# sending pics via email on iphone 4s



## big_bubba_B (Apr 25, 2010)

i feal dumb buit i cant figure out how you send pictures on the iphone 4s through the email is there an app i nead or it just doesnt do that anyone know ????


----------



## Pamela (Apr 21, 2010)

When you are looking at the photo (either in the photo app or the camera app) tap the screen so that you see some arrows, little garbage can, etc at the bottom. The icon on the left side looks like a little box with an arrow coming out of it. Press that. It will give you a list of options, the top one is e-mail photo.

Oops, just noticed your phone is 4s, mine is just a 4 so it might not be exactly the same, should be pretty close though.


----------



## effox (Apr 21, 2010)

I think my 3gs is the same, I never bothered trying to email photos though but I believe Pamela is right.

Cheers,
Chris


----------



## Victor (Apr 21, 2010)

Pamela said:


> When you are looking at the photo (either in the photo app or the camera app) tap the screen so that you see some arrows, little garbage can, etc at the bottom. The icon on the left side looks like a little box with an arrow coming out of it. Press that. It will give you a list of options, the top one is e-mail photo.
> 
> Oops, just noticed your phone is 4s, mine is just a 4 so it might not be exactly the same, should be pretty close though.

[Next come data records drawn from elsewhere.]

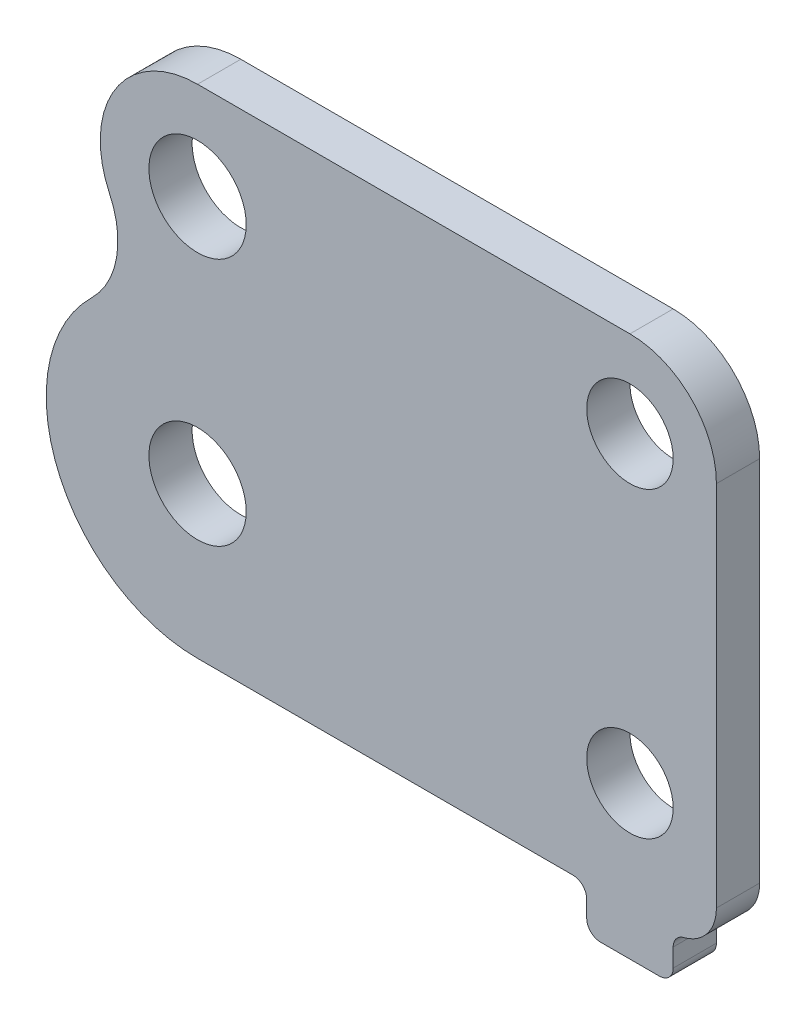
ISO-10303-21;
HEADER;
FILE_DESCRIPTION(('STEP AP214'),'2;1');
FILE_NAME('part.step','',(''),(''),'','','');
FILE_SCHEMA(('AUTOMOTIVE_DESIGN { 1 0 10303 214 1 1 1 1 }'));
ENDSEC;
DATA;
#1=APPLICATION_CONTEXT('core data for automotive mechanical design processes');
#2=APPLICATION_PROTOCOL_DEFINITION('international standard','automotive_design',2000,#1);
#3=PRODUCT_CONTEXT('',#1,'mechanical');
#4=PRODUCT('Part','Part','',(#3));
#5=PRODUCT_RELATED_PRODUCT_CATEGORY('part','',(#4));
#6=PRODUCT_DEFINITION_FORMATION('','',#4);
#7=PRODUCT_DEFINITION_CONTEXT('part definition',#1,'design');
#8=PRODUCT_DEFINITION('design','',#6,#7);
#9=PRODUCT_DEFINITION_SHAPE('','',#8);
#10=(LENGTH_UNIT() NAMED_UNIT(*) SI_UNIT(.MILLI.,.METRE.));
#11=(NAMED_UNIT(*) PLANE_ANGLE_UNIT() SI_UNIT($,.RADIAN.));
#12=(NAMED_UNIT(*) SI_UNIT($,.STERADIAN.) SOLID_ANGLE_UNIT());
#13=UNCERTAINTY_MEASURE_WITH_UNIT(LENGTH_MEASURE(1.E-05),#10,'distance_accuracy_value','');
#14=(GEOMETRIC_REPRESENTATION_CONTEXT(3) GLOBAL_UNCERTAINTY_ASSIGNED_CONTEXT((#13)) GLOBAL_UNIT_ASSIGNED_CONTEXT((#10,
#11,#12)) REPRESENTATION_CONTEXT('',''));
#15=CARTESIAN_POINT('',(0.,0.,0.));
#16=DIRECTION('',(0.,0.,1.));
#17=DIRECTION('',(1.,0.,0.));
#18=AXIS2_PLACEMENT_3D('',#15,#16,#17);
#19=CARTESIAN_POINT('',(0.,12.7,1.5875));
#20=DIRECTION('',(0.,1.,0.));
#21=DIRECTION('',(0.,0.,1.));
#22=AXIS2_PLACEMENT_3D('',#19,#20,#21);
#23=PLANE('',#22);
#24=DIRECTION('',(1.,0.,0.));
#25=VECTOR('',#24,1.);
#26=CARTESIAN_POINT('',(0.,12.7,1.5875));
#27=LINE('',#26,#25);
#28=CARTESIAN_POINT('',(0.,12.7,1.5875));
#29=VERTEX_POINT('',#28);
#30=CARTESIAN_POINT('',(15.875,12.7,1.5875));
#31=VERTEX_POINT('',#30);
#32=EDGE_CURVE('E155',#29,#31,#27,.T.);
#33=ORIENTED_EDGE('',*,*,#32,.T.);
#34=DIRECTION('',(0.,0.,-1.));
#35=VECTOR('',#34,1.);
#36=CARTESIAN_POINT('',(15.875,12.7,1.5875));
#37=LINE('',#36,#35);
#38=CARTESIAN_POINT('',(15.875,12.7,0.));
#39=VERTEX_POINT('',#38);
#40=EDGE_CURVE('E163',#31,#39,#37,.T.);
#41=ORIENTED_EDGE('',*,*,#40,.T.);
#42=DIRECTION('',(1.,0.,0.));
#43=VECTOR('',#42,1.);
#44=CARTESIAN_POINT('',(0.,12.7,0.));
#45=LINE('',#44,#43);
#46=CARTESIAN_POINT('',(0.,12.7,0.));
#47=VERTEX_POINT('',#46);
#48=EDGE_CURVE('E158',#47,#39,#45,.T.);
#49=ORIENTED_EDGE('',*,*,#48,.F.);
#50=DIRECTION('',(0.,0.,-1.));
#51=VECTOR('',#50,1.);
#52=CARTESIAN_POINT('',(0.,12.7,1.5875));
#53=LINE('',#52,#51);
#54=EDGE_CURVE('E151',#29,#47,#53,.T.);
#55=ORIENTED_EDGE('',*,*,#54,.F.);
#56=EDGE_LOOP('',(#33,#41,#49,#55));
#57=FACE_BOUND('',#56,.T.);
#58=ADVANCED_FACE('F41',(#57),#23,.T.);
#59=CARTESIAN_POINT('',(0.,9.128125,1.5875));
#60=DIRECTION('',(0.,0.,-1.));
#61=DIRECTION('',(-1.,0.,0.));
#62=AXIS2_PLACEMENT_3D('',#59,#60,#61);
#63=CYLINDRICAL_SURFACE('',#62,3.571875);
#64=CARTESIAN_POINT('',(0.,9.128125,0.));
#65=DIRECTION('',(0.,0.,1.));
#66=DIRECTION('',(1.,0.,0.));
#67=AXIS2_PLACEMENT_3D('',#64,#65,#66);
#68=CIRCLE('',#67,3.571875);
#69=CARTESIAN_POINT('',(-3.22968824866037,7.6025415601023,0.));
#70=VERTEX_POINT('',#69);
#71=EDGE_CURVE('E231',#47,#70,#68,.T.);
#72=ORIENTED_EDGE('',*,*,#71,.T.);
#73=DIRECTION('',(0.,0.,-1.));
#74=VECTOR('',#73,1.);
#75=CARTESIAN_POINT('',(-3.22968824866037,7.6025415601023,1.5875));
#76=LINE('',#75,#74);
#77=CARTESIAN_POINT('',(-3.22968824866037,7.6025415601023,1.5875));
#78=VERTEX_POINT('',#77);
#79=EDGE_CURVE('E164',#78,#70,#76,.T.);
#80=ORIENTED_EDGE('',*,*,#79,.F.);
#81=CARTESIAN_POINT('',(0.,9.128125,1.5875));
#82=DIRECTION('',(0.,0.,1.));
#83=DIRECTION('',(1.,0.,0.));
#84=AXIS2_PLACEMENT_3D('',#81,#82,#83);
#85=CIRCLE('',#84,3.571875);
#86=EDGE_CURVE('E167',#29,#78,#85,.T.);
#87=ORIENTED_EDGE('',*,*,#86,.F.);
#88=ORIENTED_EDGE('',*,*,#54,.T.);
#89=EDGE_LOOP('',(#72,#80,#87,#88));
#90=FACE_BOUND('',#89,.T.);
#91=ADVANCED_FACE('F168',(#90),#63,.T.);
#92=CARTESIAN_POINT('',(-6.10052224746959,6.24646739130435,1.5875));
#93=DIRECTION('',(0.,0.,-1.));
#94=DIRECTION('',(-1.,0.,0.));
#95=AXIS2_PLACEMENT_3D('',#92,#93,#94);
#96=CYLINDRICAL_SURFACE('',#95,3.175);
#97=CARTESIAN_POINT('',(-6.10052224746959,6.24646739130435,0.));
#98=DIRECTION('',(0.,0.,1.));
#99=DIRECTION('',(1.,0.,0.));
#100=AXIS2_PLACEMENT_3D('',#97,#98,#99);
#101=CIRCLE('',#100,3.175);
#102=CARTESIAN_POINT('',(-3.88215052111701,3.97502470355731,0.));
#103=VERTEX_POINT('',#102);
#104=EDGE_CURVE('E234',#103,#70,#101,.T.);
#105=ORIENTED_EDGE('',*,*,#104,.F.);
#106=DIRECTION('',(0.,0.,-1.));
#107=VECTOR('',#106,1.);
#108=CARTESIAN_POINT('',(-3.88215052111701,3.97502470355731,1.5875));
#109=LINE('',#108,#107);
#110=CARTESIAN_POINT('',(-3.88215052111701,3.97502470355731,1.5875));
#111=VERTEX_POINT('',#110);
#112=EDGE_CURVE('E274',#111,#103,#109,.T.);
#113=ORIENTED_EDGE('',*,*,#112,.F.);
#114=CARTESIAN_POINT('',(-6.10052224746959,6.24646739130435,1.5875));
#115=DIRECTION('',(0.,0.,1.));
#116=DIRECTION('',(1.,0.,0.));
#117=AXIS2_PLACEMENT_3D('',#114,#115,#116);
#118=CIRCLE('',#117,3.175);
#119=EDGE_CURVE('E173',#111,#78,#118,.T.);
#120=ORIENTED_EDGE('',*,*,#119,.T.);
#121=ORIENTED_EDGE('',*,*,#79,.T.);
#122=EDGE_LOOP('',(#105,#113,#120,#121));
#123=FACE_BOUND('',#122,.T.);
#124=ADVANCED_FACE('F400',(#123),#96,.F.);
#125=CARTESIAN_POINT('',(0.,0.,1.5875));
#126=DIRECTION('',(0.,0.,-1.));
#127=DIRECTION('',(-1.,0.,0.));
#128=AXIS2_PLACEMENT_3D('',#125,#126,#127);
#129=CYLINDRICAL_SURFACE('',#128,5.55625);
#130=CARTESIAN_POINT('',(0.,0.,0.));
#131=DIRECTION('',(0.,0.,1.));
#132=DIRECTION('',(1.,0.,0.));
#133=AXIS2_PLACEMENT_3D('',#130,#131,#132);
#134=CIRCLE('',#133,5.55625);
#135=CARTESIAN_POINT('',(0.,-5.55625,0.));
#136=VERTEX_POINT('',#135);
#137=EDGE_CURVE('E238',#103,#136,#134,.T.);
#138=ORIENTED_EDGE('',*,*,#137,.T.);
#139=DIRECTION('',(0.,0.,-1.));
#140=VECTOR('',#139,1.);
#141=CARTESIAN_POINT('',(0.,-5.55625,1.5875));
#142=LINE('',#141,#140);
#143=CARTESIAN_POINT('',(0.,-5.55625,1.5875));
#144=VERTEX_POINT('',#143);
#145=EDGE_CURVE('E228',#144,#136,#142,.T.);
#146=ORIENTED_EDGE('',*,*,#145,.F.);
#147=CARTESIAN_POINT('',(0.,0.,1.5875));
#148=DIRECTION('',(0.,0.,1.));
#149=DIRECTION('',(1.,0.,0.));
#150=AXIS2_PLACEMENT_3D('',#147,#148,#149);
#151=CIRCLE('',#150,5.55625);
#152=EDGE_CURVE('E190',#111,#144,#151,.T.);
#153=ORIENTED_EDGE('',*,*,#152,.F.);
#154=ORIENTED_EDGE('',*,*,#112,.T.);
#155=EDGE_LOOP('',(#138,#146,#153,#154));
#156=FACE_BOUND('',#155,.T.);
#157=ADVANCED_FACE('F405',(#156),#129,.T.);
#158=CARTESIAN_POINT('',(0.,-5.55625,1.5875));
#159=DIRECTION('',(0.,-1.,0.));
#160=DIRECTION('',(0.,0.,-1.));
#161=AXIS2_PLACEMENT_3D('',#158,#159,#160);
#162=PLANE('',#161);
#163=DIRECTION('',(-1.,0.,0.));
#164=VECTOR('',#163,1.);
#165=CARTESIAN_POINT('',(0.,-5.55625,0.));
#166=LINE('',#165,#164);
#167=CARTESIAN_POINT('',(13.7795,-5.55625,0.));
#168=VERTEX_POINT('',#167);
#169=EDGE_CURVE('E242',#168,#136,#166,.T.);
#170=ORIENTED_EDGE('',*,*,#169,.F.);
#171=DIRECTION('',(0.,0.,-1.));
#172=VECTOR('',#171,1.);
#173=CARTESIAN_POINT('',(13.7795,-5.55625,1.5875));
#174=LINE('',#173,#172);
#175=CARTESIAN_POINT('',(13.7795,-5.55625,1.5875));
#176=VERTEX_POINT('',#175);
#177=EDGE_CURVE('E57',#168,#176,#174,.F.);
#178=ORIENTED_EDGE('',*,*,#177,.T.);
#179=DIRECTION('',(-1.,0.,0.));
#180=VECTOR('',#179,1.);
#181=CARTESIAN_POINT('',(0.,-5.55625,1.5875));
#182=LINE('',#181,#180);
#183=EDGE_CURVE('E194',#176,#144,#182,.T.);
#184=ORIENTED_EDGE('',*,*,#183,.T.);
#185=ORIENTED_EDGE('',*,*,#145,.T.);
#186=EDGE_LOOP('',(#170,#178,#184,#185));
#187=FACE_BOUND('',#186,.T.);
#188=ADVANCED_FACE('F352',(#187),#162,.T.);
#189=CARTESIAN_POINT('',(14.2875,0.,1.5875));
#190=DIRECTION('',(1.,0.,0.));
#191=DIRECTION('',(0.,1.,0.));
#192=AXIS2_PLACEMENT_3D('',#189,#190,#191);
#193=PLANE('',#192);
#194=DIRECTION('',(0.,-1.,0.));
#195=VECTOR('',#194,1.);
#196=CARTESIAN_POINT('',(14.2875,0.,0.));
#197=LINE('',#196,#195);
#198=CARTESIAN_POINT('',(14.2875,-6.06425,0.));
#199=VERTEX_POINT('',#198);
#200=CARTESIAN_POINT('',(14.2875,-6.67385,0.));
#201=VERTEX_POINT('',#200);
#202=EDGE_CURVE('E245',#199,#201,#197,.T.);
#203=ORIENTED_EDGE('',*,*,#202,.T.);
#204=DIRECTION('',(0.,0.,-1.));
#205=VECTOR('',#204,1.);
#206=CARTESIAN_POINT('',(14.2875,-6.67385,1.5875));
#207=LINE('',#206,#205);
#208=CARTESIAN_POINT('',(14.2875,-6.67385,1.5875));
#209=VERTEX_POINT('',#208);
#210=EDGE_CURVE('E65',#201,#209,#207,.F.);
#211=ORIENTED_EDGE('',*,*,#210,.T.);
#212=DIRECTION('',(0.,-1.,0.));
#213=VECTOR('',#212,1.);
#214=CARTESIAN_POINT('',(14.2875,0.,1.5875));
#215=LINE('',#214,#213);
#216=CARTESIAN_POINT('',(14.2875,-6.06425,1.5875));
#217=VERTEX_POINT('',#216);
#218=EDGE_CURVE('E197',#217,#209,#215,.T.);
#219=ORIENTED_EDGE('',*,*,#218,.F.);
#220=DIRECTION('',(0.,0.,-1.));
#221=VECTOR('',#220,1.);
#222=CARTESIAN_POINT('',(14.2875,-6.06425,1.5875));
#223=LINE('',#222,#221);
#224=EDGE_CURVE('E324',#217,#199,#223,.T.);
#225=ORIENTED_EDGE('',*,*,#224,.T.);
#226=EDGE_LOOP('',(#203,#211,#219,#225));
#227=FACE_BOUND('',#226,.T.);
#228=ADVANCED_FACE('F356',(#227),#193,.F.);
#229=CARTESIAN_POINT('',(0.,-7.18185,1.5875));
#230=DIRECTION('',(0.,1.,0.));
#231=DIRECTION('',(-1.,0.,0.));
#232=AXIS2_PLACEMENT_3D('',#229,#230,#231);
#233=PLANE('',#232);
#234=DIRECTION('',(1.,0.,0.));
#235=VECTOR('',#234,1.);
#236=CARTESIAN_POINT('',(0.,-7.18185,1.5875));
#237=LINE('',#236,#235);
#238=CARTESIAN_POINT('',(14.7955,-7.18185,1.5875));
#239=VERTEX_POINT('',#238);
#240=CARTESIAN_POINT('',(16.9545,-7.18185,1.5875));
#241=VERTEX_POINT('',#240);
#242=EDGE_CURVE('E200',#239,#241,#237,.T.);
#243=ORIENTED_EDGE('',*,*,#242,.F.);
#244=DIRECTION('',(0.,0.,-1.));
#245=VECTOR('',#244,1.);
#246=CARTESIAN_POINT('',(14.7955,-7.18185,1.5875));
#247=LINE('',#246,#245);
#248=CARTESIAN_POINT('',(14.7955,-7.18185,0.));
#249=VERTEX_POINT('',#248);
#250=EDGE_CURVE('E314',#239,#249,#247,.T.);
#251=ORIENTED_EDGE('',*,*,#250,.T.);
#252=DIRECTION('',(1.,0.,0.));
#253=VECTOR('',#252,1.);
#254=CARTESIAN_POINT('',(0.,-7.18185,0.));
#255=LINE('',#254,#253);
#256=CARTESIAN_POINT('',(16.9545,-7.18185,0.));
#257=VERTEX_POINT('',#256);
#258=EDGE_CURVE('E248',#249,#257,#255,.T.);
#259=ORIENTED_EDGE('',*,*,#258,.T.);
#260=DIRECTION('',(0.,0.,-1.));
#261=VECTOR('',#260,1.);
#262=CARTESIAN_POINT('',(16.9545,-7.18185,1.5875));
#263=LINE('',#262,#261);
#264=EDGE_CURVE('E311',#257,#241,#263,.F.);
#265=ORIENTED_EDGE('',*,*,#264,.T.);
#266=EDGE_LOOP('',(#243,#251,#259,#265));
#267=FACE_BOUND('',#266,.T.);
#268=ADVANCED_FACE('F363',(#267),#233,.F.);
#269=CARTESIAN_POINT('',(17.4625,0.,1.5875));
#270=DIRECTION('',(-1.,0.,0.));
#271=DIRECTION('',(0.,0.,1.));
#272=AXIS2_PLACEMENT_3D('',#269,#270,#271);
#273=PLANE('',#272);
#274=DIRECTION('',(0.,1.,0.));
#275=VECTOR('',#274,1.);
#276=CARTESIAN_POINT('',(17.4625,0.,0.));
#277=LINE('',#276,#275);
#278=CARTESIAN_POINT('',(17.4625,-6.67385,0.));
#279=VERTEX_POINT('',#278);
#280=CARTESIAN_POINT('',(17.4625,-6.00174194538493,0.));
#281=VERTEX_POINT('',#280);
#282=EDGE_CURVE('E252',#279,#281,#277,.T.);
#283=ORIENTED_EDGE('',*,*,#282,.T.);
#284=DIRECTION('',(0.,0.,-1.));
#285=VECTOR('',#284,1.);
#286=CARTESIAN_POINT('',(17.4625,-6.00174194538493,1.5875));
#287=LINE('',#286,#285);
#288=CARTESIAN_POINT('',(17.4625,-6.00174194538493,1.5875));
#289=VERTEX_POINT('',#288);
#290=EDGE_CURVE('E308',#281,#289,#287,.F.);
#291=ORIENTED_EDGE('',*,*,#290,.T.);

Yup, that's exactly what you do OR you can hold the picture with your finger and copy it and then paste it when you are in your email screen


----------



## big_bubba_B (Apr 25, 2010)

thank you i got it figured out . and i tried sending pics over instent messenger but alot of people say they cant open it up and i cant get photos over messanger from people either


----------



## Victor (Apr 21, 2010)

big_bubba_B said:


> thank you i got it figured out . and i tried sending pics over instent messenger but alot of people say they cant open it up and i cant get photos over messanger from people either


I just noticed you were a Bruins fan, I can't believe I helped you! hahah i'm just kidding


----------



## big_bubba_B (Apr 25, 2010)

Victor said:


> I just noticed you were a Bruins fan, I can't believe I helped you! hahah i'm just kidding


hey its ok to help the best but this year either team isnt doing so good were on the bottom and van is 4 up from the bottom


----------



## Raf (Nov 6, 2010)

you think Apple would put an attachment icon in Mail with their newest software update......


----------